Second, the limited H-1B presence in Johnson City's economy (compared to 37,949 certified petitions across Tennessee) suggests either limited exposure to global labor competition or insufficient presence of knowledge-intensive industries. This absence appears protective in the immediate term—Johnson City's employers are not simultaneously laying off domestic workers while recruiting foreign talent, a pattern flagged in the data for higher-risk employers like Sodexo and FedEx nationally. However, it also indicates limited penetration of high-growth sectors, leaving Johnson City dependent on traditional industries experiencing secular pressures.

Third, the concentration of displacement in lower-wage sectors suggests that labor market recovery for affected workers faces structural barriers.
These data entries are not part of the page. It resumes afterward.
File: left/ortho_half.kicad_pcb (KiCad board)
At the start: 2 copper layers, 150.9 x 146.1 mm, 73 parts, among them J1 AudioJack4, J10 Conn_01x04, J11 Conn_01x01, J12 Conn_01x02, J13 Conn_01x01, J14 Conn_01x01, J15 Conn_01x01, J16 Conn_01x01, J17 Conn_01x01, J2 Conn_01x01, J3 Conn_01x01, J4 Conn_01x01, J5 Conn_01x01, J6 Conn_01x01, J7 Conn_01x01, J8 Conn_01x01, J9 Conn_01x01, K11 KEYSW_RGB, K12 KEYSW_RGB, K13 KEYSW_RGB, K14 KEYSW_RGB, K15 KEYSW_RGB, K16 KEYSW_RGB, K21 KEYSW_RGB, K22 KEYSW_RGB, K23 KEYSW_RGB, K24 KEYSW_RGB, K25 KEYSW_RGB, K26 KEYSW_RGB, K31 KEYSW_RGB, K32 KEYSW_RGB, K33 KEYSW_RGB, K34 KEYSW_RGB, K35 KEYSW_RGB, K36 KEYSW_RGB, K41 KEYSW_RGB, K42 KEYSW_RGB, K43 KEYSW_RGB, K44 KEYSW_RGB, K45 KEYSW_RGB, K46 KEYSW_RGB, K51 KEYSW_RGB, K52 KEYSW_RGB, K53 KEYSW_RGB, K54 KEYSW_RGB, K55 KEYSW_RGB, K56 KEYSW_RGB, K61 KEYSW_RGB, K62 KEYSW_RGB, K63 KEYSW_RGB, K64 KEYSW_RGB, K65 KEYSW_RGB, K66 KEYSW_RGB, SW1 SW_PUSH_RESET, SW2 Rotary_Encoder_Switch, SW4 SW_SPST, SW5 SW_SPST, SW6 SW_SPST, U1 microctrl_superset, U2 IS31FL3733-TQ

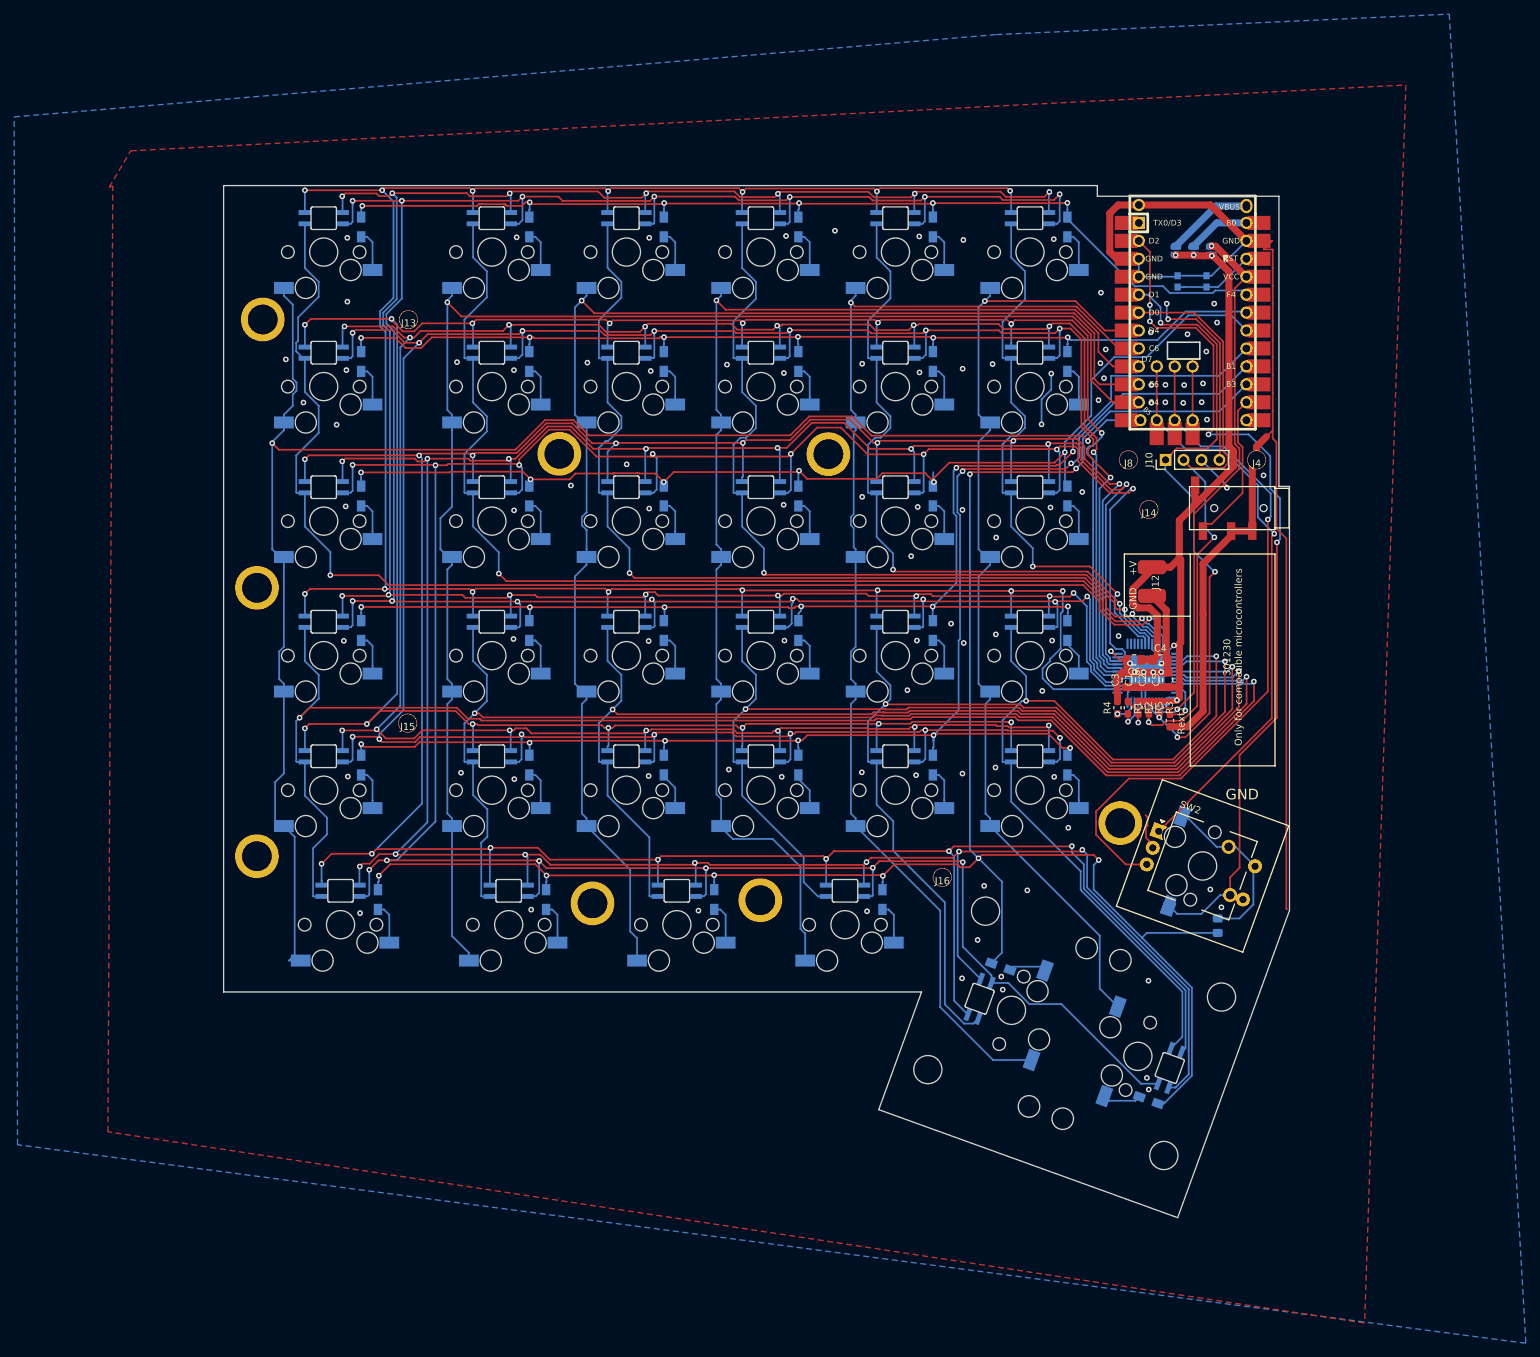
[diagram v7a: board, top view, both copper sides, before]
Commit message: Kicad 6 migration; other fixes
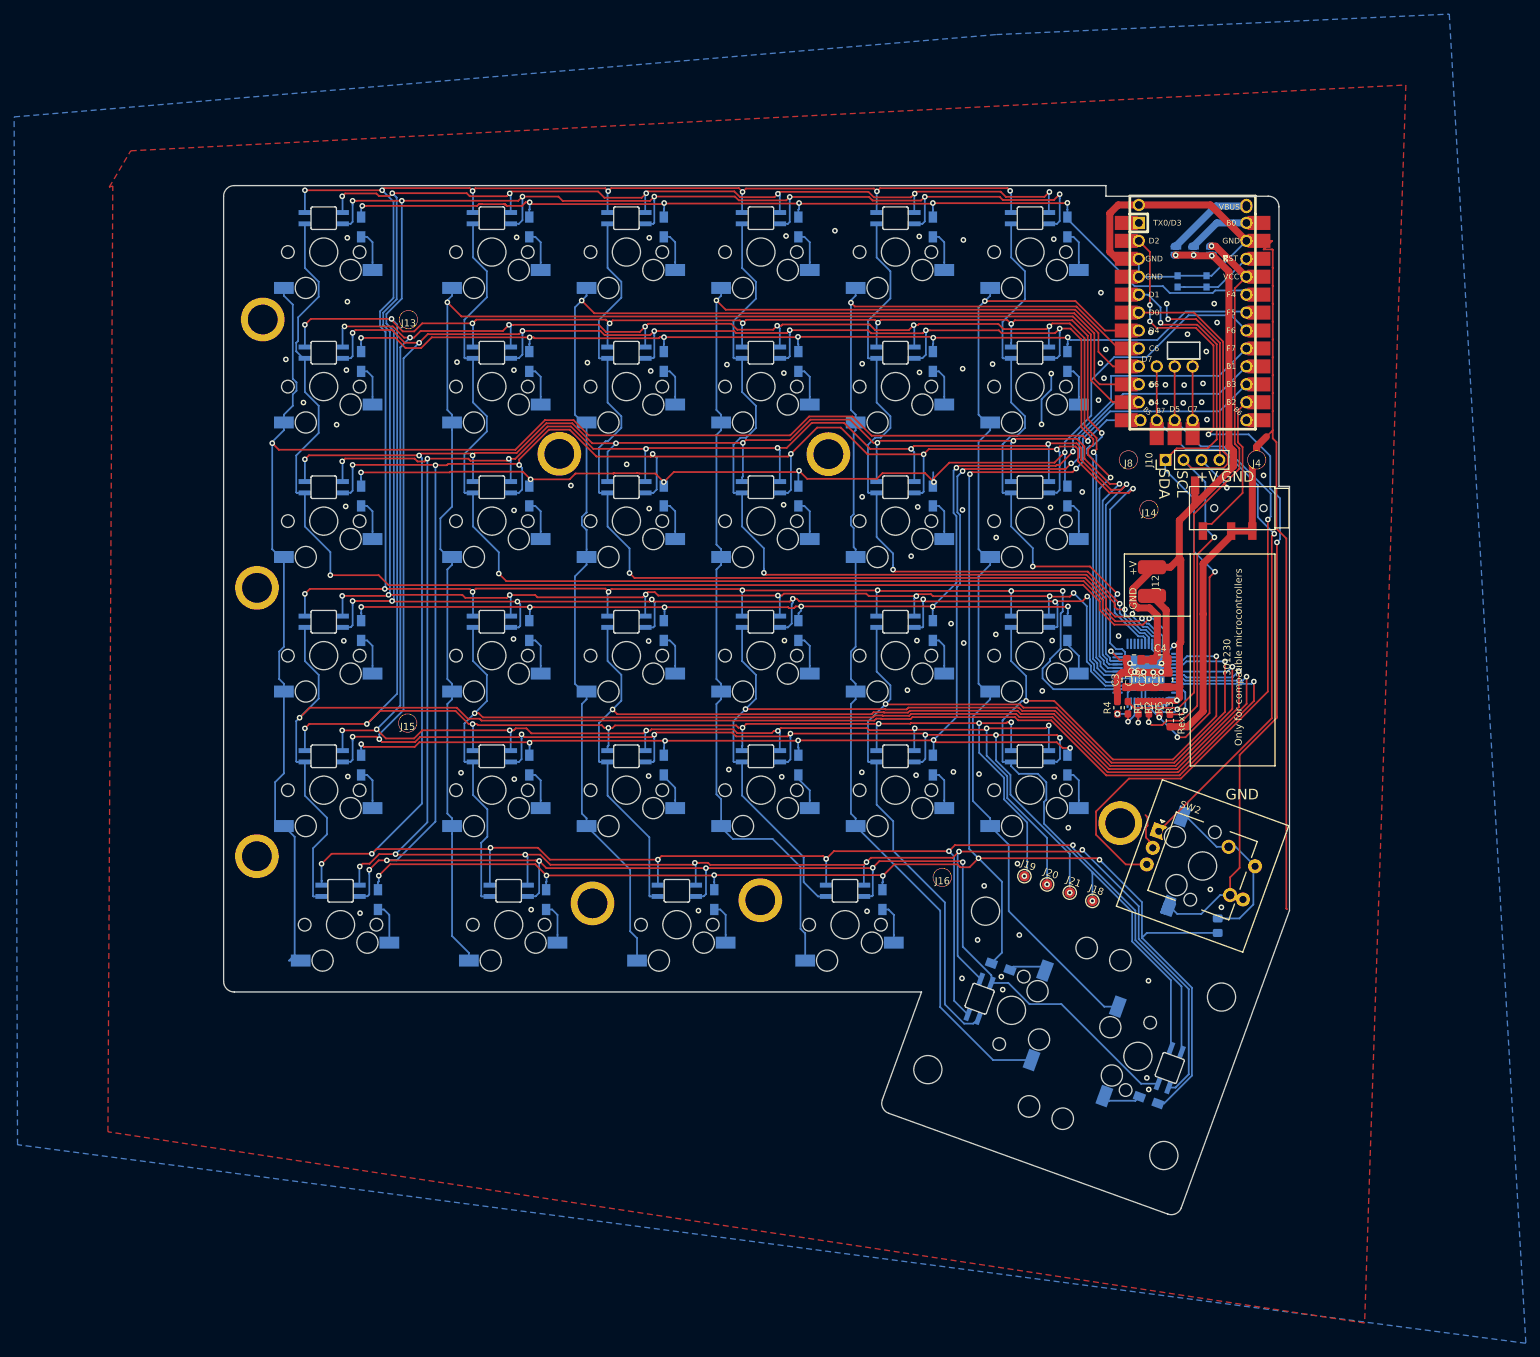
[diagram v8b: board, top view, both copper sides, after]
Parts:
- added J18: Conn_01x01, TestPoint:TestPoint_Pad_D1.5mm, F.Cu at (127.9, 115.7)
- added J19: Conn_01x01, TestPoint:TestPoint_Pad_D1.5mm, F.Cu at (118.3, 112.2)
- added J20: Conn_01x01, TestPoint:TestPoint_Pad_D1.5mm, F.Cu at (121.5, 113.4)
- added J21: Conn_01x01, TestPoint:TestPoint_Pad_D1.5mm, F.Cu at (124.7, 114.5)
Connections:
- J17 pad 1: (no net) -> GND
- K11 pad 5: led_col1 -> unconnected-(K11-Pad5)
- K21 pad 5: led_col1 -> unconnected-(K21-Pad5)
- K41 pad 5: led_col9 -> unconnected-(K41-Pad5)
- K51 pad 5: led_col9 -> unconnected-(K51-Pad5)
- U1 pad 13: Net-(U1-Pad13) -> unconnected-(U1-Pad13)
- U1 pad 27: Net-(U1-Pad27) -> unconnected-(U1-Pad27)
- U2 pad 1: (no net) -> unconnected-(U2-Pad1)
- U2 pad 13: (no net) -> unconnected-(U2-Pad13)
- U2 pad 14: (no net) -> unconnected-(U2-Pad14)
- U2 pad 15: (no net) -> unconnected-(U2-Pad15)
- U2 pad 16: (no net) -> unconnected-(U2-Pad16)
- U2 pad 17: (no net) -> unconnected-(U2-Pad17)
- U2 pad 25: (no net) -> unconnected-(U2-Pad25)
- U2 pad 26: (no net) -> unconnected-(U2-Pad26)
- U2 pad 36: (no net) -> unconnected-(U2-Pad36)
- U2 pad 40: (no net) -> unconnected-(U2-Pad40)
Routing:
- net led_row2B: track 357.7 -> 383.3 mm, vias 15 -> 17
- net led_row2C: track 381.3 -> 406.9 mm, vias 15 -> 17
- net led_row2A: track 371.9 -> 396.5 mm, vias 15 -> 17
- net unconnected-(U1-Pad27): track 0.00 -> 9.52 mm
- net Net-(U1-Pad27): track 9.52 -> 0.00 mm
- net led_col14: track 121.4 -> 126.0 mm, vias 2 -> 3
- net col6: track 138.7 -> 141.3 mm
- net unconnected-(U1-Pad13): track 0.00 -> 1.78 mm
- net Net-(U1-Pad13): track 1.78 -> 0.00 mm
- net row5: track 203.8 -> 202.4 mm
- net row6: track 287.3 -> 286.4 mm
- net GND: vias 106 -> 107
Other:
- board size 150.9 x 146.1 mm -> 150.9 x 145.7 mm
- net class Default removed
- board text added: "+V"
- board text added: "SCL"
- board text added: "SDA"

With Tennessee's unemployment rate at 3.5% statewide, displaced food service workers may find reemployment readily available, but at equivalent or lower wages absent reskilling investments. Community colleges, workforce development agencies, and employers capable of providing apprenticeship or credentialing pathways would amplify rather than merely absorb post-layoff labor supply.

The Johnson City layoff landscape reflects not crisis but precarity—the condition of employment sectors and firm specializations that deliver current livelihoods while offering limited protection against structural economic change. The 11 WARN notices and 1,042 affected workers represent real disruption, yet they also provide explicit signals for strategic intervention before accumulated displacements fundamentally diminish the community's economic foundation.